When we were kids, our parents always wanted us to play and hang out with the “good” kids and school administrators wanted to organize us according to levels of academic potential. “Socializing” sometimes could feel more like “groupilizing”: that is, we weren’t allowed to pick acquaintances or friends based on our common interests with other kids, but by other factors, like behavior, intelligence – or in many cases in larger schools, race, something that comes to the forefront in the less-PC ’90s-setting of Fresh Off The Boat. Despite its time setting, the truth remains universal: people will always try to box us in based on some pre-conceived definition – and it’s only when we free ourselves from that, that we can find true companionship in the world.
There’s nothing natural about the friendship fostered between Phillip and Eddie: Jessica thinks it’s a good idea because he’s a “good Chinese boy,” and the school principal just wants his ex-wife to see he’s open-minded (conveyed by hilarious cutaway of a candid photo of him with Eddie and Phillip). The two of them are drawn to each other initially, but that’s just a matter of being clumped together by race, their drastically different interests quickly establishing how little these two were going to like each other. Initially, the two enjoy the comfort of having someone “like them” around; but what does “like them” really mean if it’s only skin deep?
“Phillip Goldstein” doesn’t necessarily engage this central idea in complex fashion: Eddie’s a rap fan, and Phillip is the kind of kid Eddie thinks would be a nerd. But the universality of the story serves another purpose: it speaks to our nature as humans to seek out those similar to us in any way when we’re trying to assimilate to a new place, no matter how desperate we may seem. Eddie just wants someone to go to the Beastie Boys concert with, but can’t find another fan of the group to go with him (like his one classmate, who is ecstatic over learning the real name of L.L. Bean), so he agrees to go to a musical with Phillip before the concert in exchange, putting on a front for a friendship he wants nothing to do with. Even when we don’t like people, we can find ourselves seeking out their company: familiarity is extremely valuable to us as humans, and Eddie’s behavior is an extremely childlike (and therefore unsubtle), poignant display of how desperately we seek that out, even if we know we’re forcing it.

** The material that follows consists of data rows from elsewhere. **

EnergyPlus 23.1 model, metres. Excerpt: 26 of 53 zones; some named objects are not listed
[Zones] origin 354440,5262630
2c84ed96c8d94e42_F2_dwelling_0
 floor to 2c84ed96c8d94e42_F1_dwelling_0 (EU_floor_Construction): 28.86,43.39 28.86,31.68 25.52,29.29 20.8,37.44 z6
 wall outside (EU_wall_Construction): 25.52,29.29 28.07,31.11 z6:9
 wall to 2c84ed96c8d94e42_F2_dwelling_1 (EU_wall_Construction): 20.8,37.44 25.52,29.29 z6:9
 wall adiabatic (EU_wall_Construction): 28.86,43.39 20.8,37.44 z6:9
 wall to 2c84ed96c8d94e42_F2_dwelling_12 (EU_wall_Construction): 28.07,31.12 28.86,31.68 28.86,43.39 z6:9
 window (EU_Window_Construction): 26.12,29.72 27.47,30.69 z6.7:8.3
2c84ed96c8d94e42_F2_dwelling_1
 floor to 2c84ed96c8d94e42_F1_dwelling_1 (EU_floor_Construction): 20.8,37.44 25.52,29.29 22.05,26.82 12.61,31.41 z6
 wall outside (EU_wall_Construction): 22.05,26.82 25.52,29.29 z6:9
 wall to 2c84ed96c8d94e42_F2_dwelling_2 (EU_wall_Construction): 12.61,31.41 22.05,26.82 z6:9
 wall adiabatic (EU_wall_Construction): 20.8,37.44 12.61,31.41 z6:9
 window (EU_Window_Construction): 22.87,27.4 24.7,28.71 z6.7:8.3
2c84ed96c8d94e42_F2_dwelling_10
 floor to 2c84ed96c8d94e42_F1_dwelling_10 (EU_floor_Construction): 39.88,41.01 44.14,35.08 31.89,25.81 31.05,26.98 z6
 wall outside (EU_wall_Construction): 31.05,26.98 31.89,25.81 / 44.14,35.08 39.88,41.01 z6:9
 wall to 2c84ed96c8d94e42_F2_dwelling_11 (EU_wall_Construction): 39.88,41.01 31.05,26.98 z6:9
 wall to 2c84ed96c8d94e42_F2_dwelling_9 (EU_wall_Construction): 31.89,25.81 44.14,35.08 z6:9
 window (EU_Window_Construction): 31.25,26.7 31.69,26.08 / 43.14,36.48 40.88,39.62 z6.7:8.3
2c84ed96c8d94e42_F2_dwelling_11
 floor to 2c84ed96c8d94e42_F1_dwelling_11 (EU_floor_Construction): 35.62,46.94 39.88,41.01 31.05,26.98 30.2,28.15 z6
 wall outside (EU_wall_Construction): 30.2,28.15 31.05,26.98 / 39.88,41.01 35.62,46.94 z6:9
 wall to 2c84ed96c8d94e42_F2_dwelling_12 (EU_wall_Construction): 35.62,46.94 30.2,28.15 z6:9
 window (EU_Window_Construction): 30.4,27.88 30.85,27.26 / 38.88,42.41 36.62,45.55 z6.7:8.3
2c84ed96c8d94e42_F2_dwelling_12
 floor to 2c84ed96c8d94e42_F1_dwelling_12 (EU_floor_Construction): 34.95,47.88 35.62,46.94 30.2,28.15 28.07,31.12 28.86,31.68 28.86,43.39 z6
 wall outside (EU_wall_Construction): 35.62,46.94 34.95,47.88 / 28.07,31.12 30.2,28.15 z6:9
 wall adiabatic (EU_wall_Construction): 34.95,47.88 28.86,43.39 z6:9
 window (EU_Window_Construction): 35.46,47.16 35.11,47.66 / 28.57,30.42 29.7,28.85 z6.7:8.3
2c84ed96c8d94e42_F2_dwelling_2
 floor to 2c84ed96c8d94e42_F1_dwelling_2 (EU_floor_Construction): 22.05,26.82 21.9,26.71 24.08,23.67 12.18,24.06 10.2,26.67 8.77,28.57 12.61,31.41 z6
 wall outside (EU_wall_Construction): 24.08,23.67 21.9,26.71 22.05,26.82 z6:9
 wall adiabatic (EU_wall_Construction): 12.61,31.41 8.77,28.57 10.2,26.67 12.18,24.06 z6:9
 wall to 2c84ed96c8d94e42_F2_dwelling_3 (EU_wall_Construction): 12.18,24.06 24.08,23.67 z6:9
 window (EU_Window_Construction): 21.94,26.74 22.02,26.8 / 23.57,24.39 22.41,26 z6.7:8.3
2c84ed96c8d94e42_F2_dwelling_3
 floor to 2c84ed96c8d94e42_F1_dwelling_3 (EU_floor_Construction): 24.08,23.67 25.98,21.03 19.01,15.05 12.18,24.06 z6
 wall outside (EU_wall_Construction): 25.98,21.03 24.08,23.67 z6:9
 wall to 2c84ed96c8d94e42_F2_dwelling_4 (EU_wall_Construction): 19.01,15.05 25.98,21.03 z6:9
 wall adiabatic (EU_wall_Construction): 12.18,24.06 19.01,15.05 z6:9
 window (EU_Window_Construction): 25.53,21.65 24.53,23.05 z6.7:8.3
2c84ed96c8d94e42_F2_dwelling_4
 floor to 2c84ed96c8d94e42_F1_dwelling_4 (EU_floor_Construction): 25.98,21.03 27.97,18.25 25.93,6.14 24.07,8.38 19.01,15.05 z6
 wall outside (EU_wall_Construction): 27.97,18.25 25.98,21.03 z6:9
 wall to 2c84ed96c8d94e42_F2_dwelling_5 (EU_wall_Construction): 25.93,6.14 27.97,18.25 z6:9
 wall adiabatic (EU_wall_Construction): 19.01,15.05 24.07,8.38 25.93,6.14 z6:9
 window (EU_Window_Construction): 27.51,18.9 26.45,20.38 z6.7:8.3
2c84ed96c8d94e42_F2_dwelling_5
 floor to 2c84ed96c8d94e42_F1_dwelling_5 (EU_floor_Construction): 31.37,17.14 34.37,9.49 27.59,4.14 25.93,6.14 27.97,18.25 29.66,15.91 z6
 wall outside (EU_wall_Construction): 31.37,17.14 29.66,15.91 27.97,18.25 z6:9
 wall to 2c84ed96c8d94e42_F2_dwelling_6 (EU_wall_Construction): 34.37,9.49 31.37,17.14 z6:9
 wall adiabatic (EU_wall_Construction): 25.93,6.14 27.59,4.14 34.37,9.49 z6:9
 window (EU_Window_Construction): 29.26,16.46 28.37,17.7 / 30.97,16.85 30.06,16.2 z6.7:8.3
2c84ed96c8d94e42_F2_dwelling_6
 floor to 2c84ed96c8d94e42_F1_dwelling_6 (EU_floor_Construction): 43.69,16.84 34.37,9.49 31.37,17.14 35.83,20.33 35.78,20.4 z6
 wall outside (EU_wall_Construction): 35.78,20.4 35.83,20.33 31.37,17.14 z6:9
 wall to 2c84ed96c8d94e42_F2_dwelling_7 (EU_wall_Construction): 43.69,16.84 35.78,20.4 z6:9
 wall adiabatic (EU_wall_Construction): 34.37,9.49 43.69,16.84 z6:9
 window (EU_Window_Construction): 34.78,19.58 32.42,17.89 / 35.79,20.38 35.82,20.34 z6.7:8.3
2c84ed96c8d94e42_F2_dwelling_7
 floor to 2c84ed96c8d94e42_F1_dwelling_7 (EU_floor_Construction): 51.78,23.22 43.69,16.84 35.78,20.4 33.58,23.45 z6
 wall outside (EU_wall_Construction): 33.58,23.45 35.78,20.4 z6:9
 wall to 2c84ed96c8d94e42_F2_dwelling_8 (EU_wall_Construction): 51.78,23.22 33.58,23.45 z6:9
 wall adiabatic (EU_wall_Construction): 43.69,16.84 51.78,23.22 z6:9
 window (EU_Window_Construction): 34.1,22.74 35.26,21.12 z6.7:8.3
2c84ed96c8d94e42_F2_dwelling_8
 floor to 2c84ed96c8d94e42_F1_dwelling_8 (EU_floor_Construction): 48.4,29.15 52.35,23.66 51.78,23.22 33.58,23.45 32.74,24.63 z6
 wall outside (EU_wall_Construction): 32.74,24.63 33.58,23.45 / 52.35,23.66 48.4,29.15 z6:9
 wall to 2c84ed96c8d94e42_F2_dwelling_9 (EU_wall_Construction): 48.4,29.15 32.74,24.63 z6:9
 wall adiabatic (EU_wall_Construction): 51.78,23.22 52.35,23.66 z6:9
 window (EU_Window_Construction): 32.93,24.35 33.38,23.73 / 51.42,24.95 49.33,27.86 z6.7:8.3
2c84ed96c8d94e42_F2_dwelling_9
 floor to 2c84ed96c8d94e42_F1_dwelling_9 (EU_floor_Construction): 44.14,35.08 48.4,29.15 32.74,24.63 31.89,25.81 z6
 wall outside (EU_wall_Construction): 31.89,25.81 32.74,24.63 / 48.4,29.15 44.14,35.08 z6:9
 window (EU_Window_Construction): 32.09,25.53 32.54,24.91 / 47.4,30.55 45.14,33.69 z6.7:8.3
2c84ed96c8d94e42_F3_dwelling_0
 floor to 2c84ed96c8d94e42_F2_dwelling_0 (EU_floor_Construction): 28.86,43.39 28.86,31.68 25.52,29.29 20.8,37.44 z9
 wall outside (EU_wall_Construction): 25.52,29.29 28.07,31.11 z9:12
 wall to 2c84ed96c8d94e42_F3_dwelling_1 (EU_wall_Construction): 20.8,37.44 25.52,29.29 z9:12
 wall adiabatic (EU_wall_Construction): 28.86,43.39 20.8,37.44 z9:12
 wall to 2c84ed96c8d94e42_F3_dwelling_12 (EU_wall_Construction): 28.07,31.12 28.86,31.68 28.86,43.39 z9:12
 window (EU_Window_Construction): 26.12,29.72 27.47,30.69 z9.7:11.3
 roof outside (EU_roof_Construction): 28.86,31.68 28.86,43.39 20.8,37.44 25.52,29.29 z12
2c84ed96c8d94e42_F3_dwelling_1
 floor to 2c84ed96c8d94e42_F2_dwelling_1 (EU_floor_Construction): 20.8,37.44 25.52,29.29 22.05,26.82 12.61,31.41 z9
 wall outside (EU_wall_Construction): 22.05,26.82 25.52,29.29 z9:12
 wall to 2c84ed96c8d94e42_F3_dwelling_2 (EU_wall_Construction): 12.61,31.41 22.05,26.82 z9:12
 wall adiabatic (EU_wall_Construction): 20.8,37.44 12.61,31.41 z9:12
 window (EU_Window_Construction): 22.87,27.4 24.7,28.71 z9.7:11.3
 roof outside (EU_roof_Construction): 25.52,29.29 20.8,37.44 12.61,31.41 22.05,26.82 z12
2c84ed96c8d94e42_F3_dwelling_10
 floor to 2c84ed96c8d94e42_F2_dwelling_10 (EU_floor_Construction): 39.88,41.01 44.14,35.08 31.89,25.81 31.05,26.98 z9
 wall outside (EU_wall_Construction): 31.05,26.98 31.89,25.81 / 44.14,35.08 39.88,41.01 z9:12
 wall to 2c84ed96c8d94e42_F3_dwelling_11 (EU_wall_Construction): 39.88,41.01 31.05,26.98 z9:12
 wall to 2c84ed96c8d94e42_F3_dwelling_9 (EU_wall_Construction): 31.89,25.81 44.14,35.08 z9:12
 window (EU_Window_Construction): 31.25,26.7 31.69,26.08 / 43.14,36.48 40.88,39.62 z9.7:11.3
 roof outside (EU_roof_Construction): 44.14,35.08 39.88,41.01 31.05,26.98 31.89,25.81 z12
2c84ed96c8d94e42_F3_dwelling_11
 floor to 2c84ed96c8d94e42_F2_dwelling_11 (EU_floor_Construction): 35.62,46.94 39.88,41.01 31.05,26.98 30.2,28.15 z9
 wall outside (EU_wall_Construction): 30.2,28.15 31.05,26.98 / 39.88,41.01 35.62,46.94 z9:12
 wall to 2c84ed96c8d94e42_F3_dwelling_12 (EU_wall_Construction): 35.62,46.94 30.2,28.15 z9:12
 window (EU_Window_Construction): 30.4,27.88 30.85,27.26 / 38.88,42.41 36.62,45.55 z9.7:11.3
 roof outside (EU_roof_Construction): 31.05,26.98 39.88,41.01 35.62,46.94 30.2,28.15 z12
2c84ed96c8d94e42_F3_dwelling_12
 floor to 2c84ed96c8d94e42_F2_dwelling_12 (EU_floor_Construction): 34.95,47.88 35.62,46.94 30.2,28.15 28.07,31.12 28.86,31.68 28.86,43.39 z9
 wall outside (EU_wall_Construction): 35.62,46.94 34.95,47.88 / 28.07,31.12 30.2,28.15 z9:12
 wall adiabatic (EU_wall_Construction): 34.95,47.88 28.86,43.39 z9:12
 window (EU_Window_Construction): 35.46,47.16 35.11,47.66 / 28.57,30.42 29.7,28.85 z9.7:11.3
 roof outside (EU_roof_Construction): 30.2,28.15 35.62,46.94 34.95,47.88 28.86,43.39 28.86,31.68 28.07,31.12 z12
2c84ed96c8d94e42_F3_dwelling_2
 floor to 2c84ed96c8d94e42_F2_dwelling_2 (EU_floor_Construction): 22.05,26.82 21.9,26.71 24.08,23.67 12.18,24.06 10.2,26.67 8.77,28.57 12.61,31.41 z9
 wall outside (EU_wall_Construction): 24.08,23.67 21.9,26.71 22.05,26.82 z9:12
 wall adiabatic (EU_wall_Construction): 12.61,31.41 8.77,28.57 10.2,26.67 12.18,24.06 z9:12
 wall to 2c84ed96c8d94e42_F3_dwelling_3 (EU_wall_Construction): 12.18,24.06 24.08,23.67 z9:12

The episode finds great humor from the obvious differences between them, beginning with Phillip’s dedication to his Jewish faith, and continuing through Eddie’s desperate attempts to stay awake through Phillip’s half of the deal. “Phillip Goldstein” makes its titular character a breathing entity, a nice contrast with the broadly-painted white students we see in the beginning of the episode. But even Eddie finds himself pulled towards Phillip, some preconception that they’re two peas from the same pod because they’re Asian. In a way, Eddie is sterotyping himself, and “Phillip Goldstein” holds him to task as much as it does anyone else in the episode – without doing it at Phillip’s expense as a character, the most surprising (and pleasant) part of the whole affair.
Where the episode is strongest, however, is when it focuses on Jessica and the principal, and their attempts to force the two Asian kids at the school to assimilate together, two people whose vastly different motivations are united by this single, thin-headed notion of putting like with like, because that’s just what makes sense. Jessica wants Eddie to stop talking in slang (“WHY DO YOU WANT TO BE A LETTER?”), and wants him to become the Good, String Instrument Playing Chinese boy, just like his little brothers, driven just as much by personal motivation to shape Eddie as she is by her cultural heritage. However, it turns out that was a mistake, and Phillip is just a selfish jerk – a sudden turn of events (one the show doesn’t linger long on), but one that gives light to the message at the center of the show (which is if you tell your parents the rappers in the group are white, they might let you go to the concert – no, I’m kidding!), which is that in the end, we’ll end up with the people we should when we get out of our own way (like Eddie does with his fellow Beastie Boys fan, the only black kid in the school).
This principle (introduced by the principal; okay, I couldn’t help myself) is also reflected with Louis, who is isolated from the family for most of the episode, except when driving the family car or at dinner with the Goldsteins (where he remains awkward and hilarious). Where it manifests is his time alone at the restaurant, after he hires the exact person he thinks he needs as a greeter to replace the recently departed Mitch. Again, his assumption on what his greeter should be leads him to hire someone who he actually doesn’t connect with; in fact, the new guy steals Louis’s favorite part of the job, bringing people to their seats (and begging why he has Mitch in the first place). The entire structure is different, but the idea is the same “don’t judge a book by its cover” story, told in the distinct rhythms of Fresh‘s emerging voice.
That emerging voice is quickly turning Fresh Off The Boat into a fully-rounded family comedy – and even as the ratings for the show start to dip, it gives me hope that ABC sees what a strong comedy it has on its hands so that it will have a little faith in it. Episodes like “Phillip Goldstein” display exactly why: Fresh is a show that’s learning how to be funny (both with its characters, and its ever-evolving approach to its racially-distinct premise), without feeling bitter, packed with cheap references, or, most importantly, dishonest.